The other thing to say is that, as we all know, bacteria don’t respect borders, and they respect public health administrative boundaries even less. 95% of clusters had cases in more than one PHE centre which is a large area that can have up to a few mllion people living in it. This has boring but important consequences for how you actually administer the investigation of these clusters. Traditionally, the centres were used to detec clusters, based on phage type, but now we have the sensitivity and specificity of WGS, we can link clusters across borders, which muddies the waters as to who is responsible for investigation.
Ok, so this is the investigation of the cluster which lasted 106 days in the previous slide. When we looked at it, we cases from this cluster dating back to 2012 and last I heard, we are still getting cases associated with this cluster.
This is the number of cases of Salmonella Enteritidis PT8 between 2012-aug 2015. PT stands for phage type, an older typing method we don’t do any more involving testing the susceptibility of the strain to a panel of phages.
The first thing to say here is that, pre-wgs, outbreak detection was done using an exceedance method.

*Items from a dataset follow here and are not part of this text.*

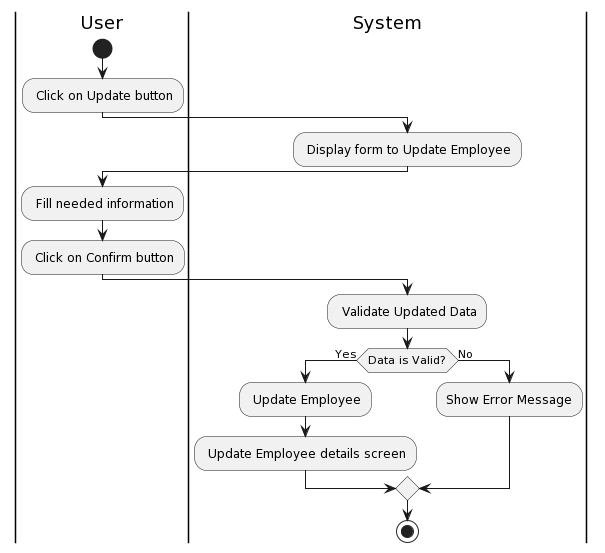

The diagram above was rendered by PlantUML. Its source (embedded in the PNG):
@startuml
|User|
start
: Click on Update button;
|System|
: Display form to Update Employee;
|User|
: Fill needed information;
: Click on Confirm button;
|System|
: Validate Updated Data;
if (Data is Valid?) then (Yes)
  : Update Employee;
  : Update Employee details screen;
else (No)
  :Show Error Message;
endif
stop
@enduml

This can be illustrated if we take august 2013 and 2014 as a base line, and then compare with august 2012. the number of cases in 2012 exceeds the number we would expect based on 2013 & 2014.
So, after we started sequencing, we noticed that there was a highly related cluster that was contributing a lot of cases to this baseline. Up to 90%of the PT8 cases in any month were in this cluster, and there was no seasonal variation we see with non-cluster pt8.
So, my epi colleagues looked at the exposures reported by cases in the cluster compared with exposure in the controls. The thing that really jumped out was exposure to snakes. Now, reptiles aren’t typically associated with salmonella sub-species 1, they are associated with the other sub-species.
So, it wasn’t the snakes themselves, it was the snake food, which is typically day old mice.
These mice are bought from pet shops in large batches and kept frozen.
So, the question is, do we see any st313 in the uk? Yes we do, we sequenced st313 from 75 different people, one dog, and one foodstuff.
The uk-st313 are genomically heterogeneous. No L1, 9 L2 infections. Broad swathe of novel diversity.
Epidemiologically heterogeneous. Of the 9 patients with l2 infections for whom travel info was available, 7 reported travel to africa. Only 1 out of 42 non-L2.
Clinically heterogeneous. Again, 8/9 l2 = invasice, 3/57 UK. Underlying conditions a big unknown confounder, don’t know hiv status for example.
Bioinfo pipelines – good, fast, cheap. Pick 2.
Your going to see new types of outbreak, chances are you are used to investigating the types of outbreak your typing methods can pick up. New typing method means different kinds of outbreaks, great oppo, operational challenge.
And finally, wgs in developed countries will be a useful tool in monitoring emerging threats in LMICs.